But no such luck in X11. I went to start investigating options I might need for moused only to discover I couldn't find a device node in /dev that corresponds to my PS/2 port, nor did I see anything in `dmesg` that mentioned it.

I'm attaching both a directory listing of my /dev folder and the output of `dmesg` for reference. I also searched the forums, handbook and FAQ without any luck.

Any suggestions?


----------



## phoenix (Sep 9, 2017)

/dev/sysmouse is the device node created and managed by moused. Point your X config at that and everything with just work.


----------



## Zerker (Sep 9, 2017)

Yes, I realize that moused creates that node, but it also needs an underlying hardware node to get the mouse data from at all (e.g. the PS/2 port or serial port for old mice). This is nominally specified by the *-p* parameter if autodetection fails, but I have no valid device to provide as this parameter. See the moused() manpage for more info on that. Per that manpage, PS/2 mice should be on _/dev/psm0__, but I don't have this device at all._

For the record, my X config is already pointing to /dev/sysmouse


----------



## SirDice (Sep 11, 2017)

Some older machines require the PS/2 mouse to be connected when the machine is turned on. Plugging it in after the machine has booted will fail to detect it.


----------



## Zerker (Sep 11, 2017)

I'm aware of that, and that's not the issue. The mouse is always connected to the PC, and the POST screen even reports it as connected. Plus that would affect other operating systems than just BSD, which all are fine.

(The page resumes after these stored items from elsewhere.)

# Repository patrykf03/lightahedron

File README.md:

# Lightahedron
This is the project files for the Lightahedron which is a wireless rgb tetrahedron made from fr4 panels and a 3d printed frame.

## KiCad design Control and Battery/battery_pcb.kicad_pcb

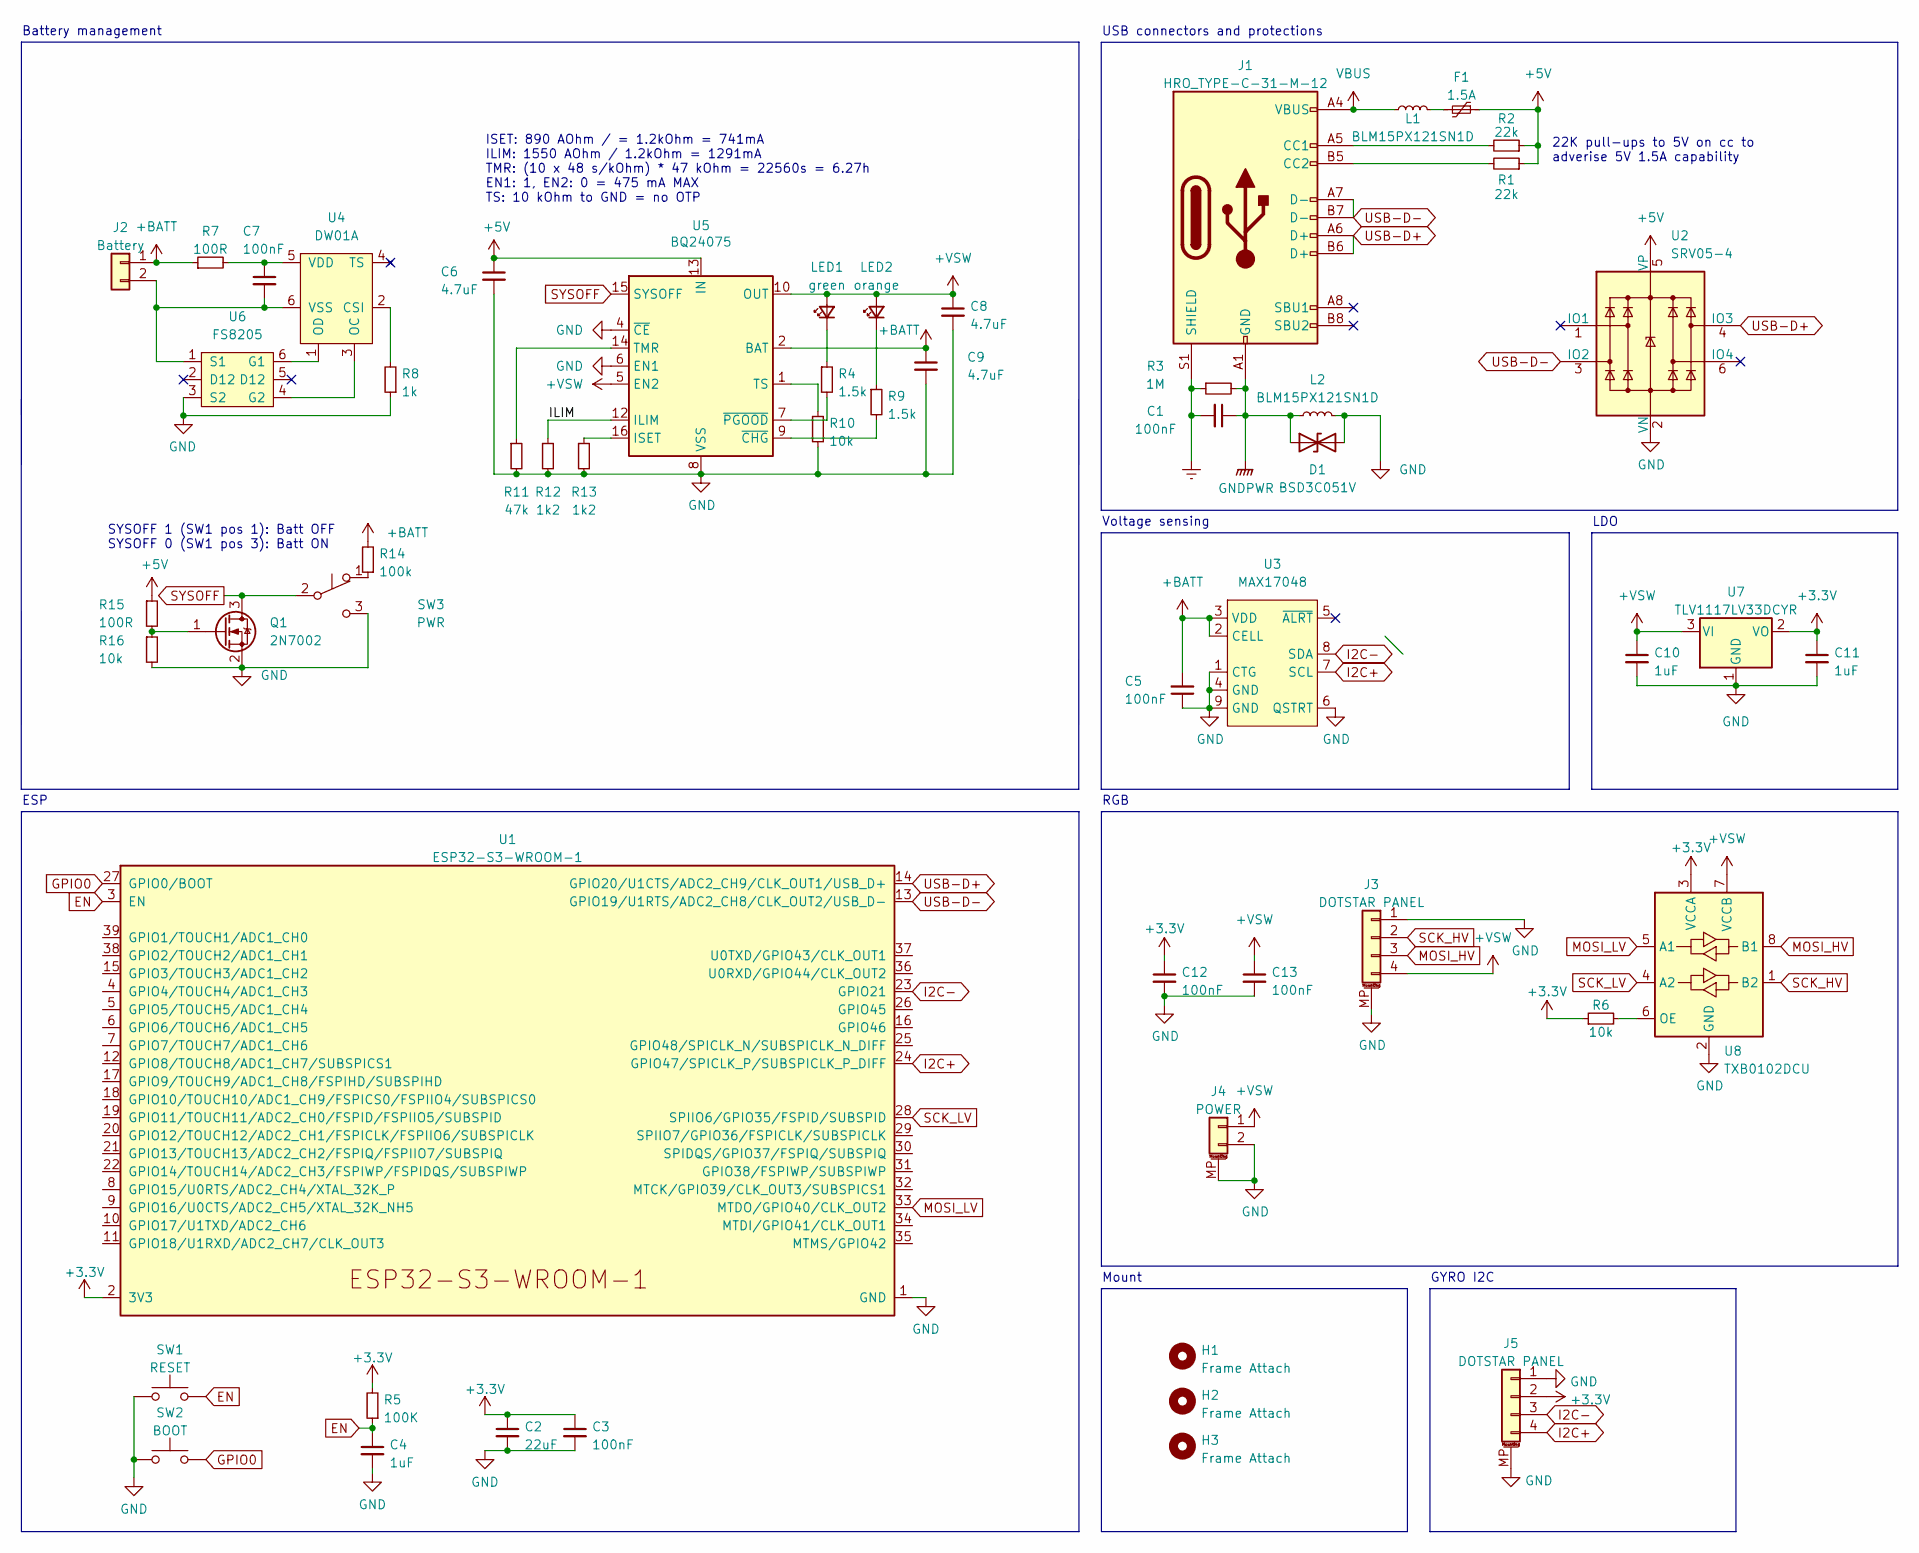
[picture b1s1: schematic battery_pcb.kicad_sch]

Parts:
C1, C3, C7, C12, C13: 100nF; C_0402_1005Metric
C2: 22uF; C_0402_1005Metric
C4, C10, C11: 1uF; C_0402_1005Metric
C5: 100nF; C_0402_1005Metric; LCSC C52923
C6, C8, C9: 4.7uF; C_0402_1005Metric
D1: BSD3C051V; D_SOD-323
F1: 1.5A; Fuse_1206_3216Metric
H1, H2, H3: Frame Attach; MountingHole_2.2mm_M2_ISO7380_Pad
J1: HRO_TYPE-C-31-M-12; USB_C_Receptacle_HRO_TYPE-C-31-M-12
J2: Battery; Keystone 18350 clips
J3, J5: DOTSTAR PANEL; JST_SH_BM04B-SRSS-TB_1x04-1MP_P1.00mm_Vertical
J4: POWER; JST_SH_BM02B-SRSS-TB_1x02-1MP_P1.00mm_Vertical
L1, L2: BLM15PX121SN1D; L_0402_1005Metric
LED1: green; LED_0402_1005Metric
LED2: orange; LED_0402_1005Metric
Q1: 2N7002; SOT-23
R1, R2: 22k; R_0402_1005Metric
R3: 1M; R_0402_1005Metric
R4, R9: 1.5k; R_0402_1005Metric
R5: 100K; R_0402_1005Metric
R6, R10, R16: 10k; R_0402_1005Metric
R7, R15: 100R; R_0402_1005Metric
R8: 1k; R_0402_1005Metric
R11: 47k; R_0402_1005Metric
R12, R13: 1k2; R_0402_1005Metric
R14: 100k; R_0402_1005Metric
SW1: RESET; SW_SPST_SKQG_WithStem
SW2: BOOT; SW_SPST_SKQG_WithStem
SW3: PWR; SW_SSSS213100
U1: ESP32-S3-WROOM-1
U2: SRV05-4; SOT-23-6-routable
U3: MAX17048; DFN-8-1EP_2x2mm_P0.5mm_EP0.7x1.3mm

Guess it's time to dig into the Kernel source and see what I can uncover.


----------



## tobik@ (Sep 12, 2017)

Zerker said:


> I'm aware of that, and that's not the issue. The mouse is always connected to the PC, and the POST screen even reports it as connected. Plus that would affect other operating systems than just BSD, which all are fine.
> 
> Guess it's time to dig into the Kernel source and see what I can uncover.


There are a couple of older bugs with patches that might be relevant. Maybe they'll help a little.

PR 165830, PR 161043


----------



## SirDice (Sep 12, 2017)

As this machine is 11.0-RELEASE, any chance you can update it to 11.1? The bug may already have been resolved. FreeBSD 11.0 will be EoL some time soon anyway.


----------



## Zerker (Sep 13, 2017)

Whoops, didn't notice I was one minor version behind. I updated, but it didn't fix the problem. I refreshed the dev and dmesg listings in my original post to reflect the 11.1 install that is now on there.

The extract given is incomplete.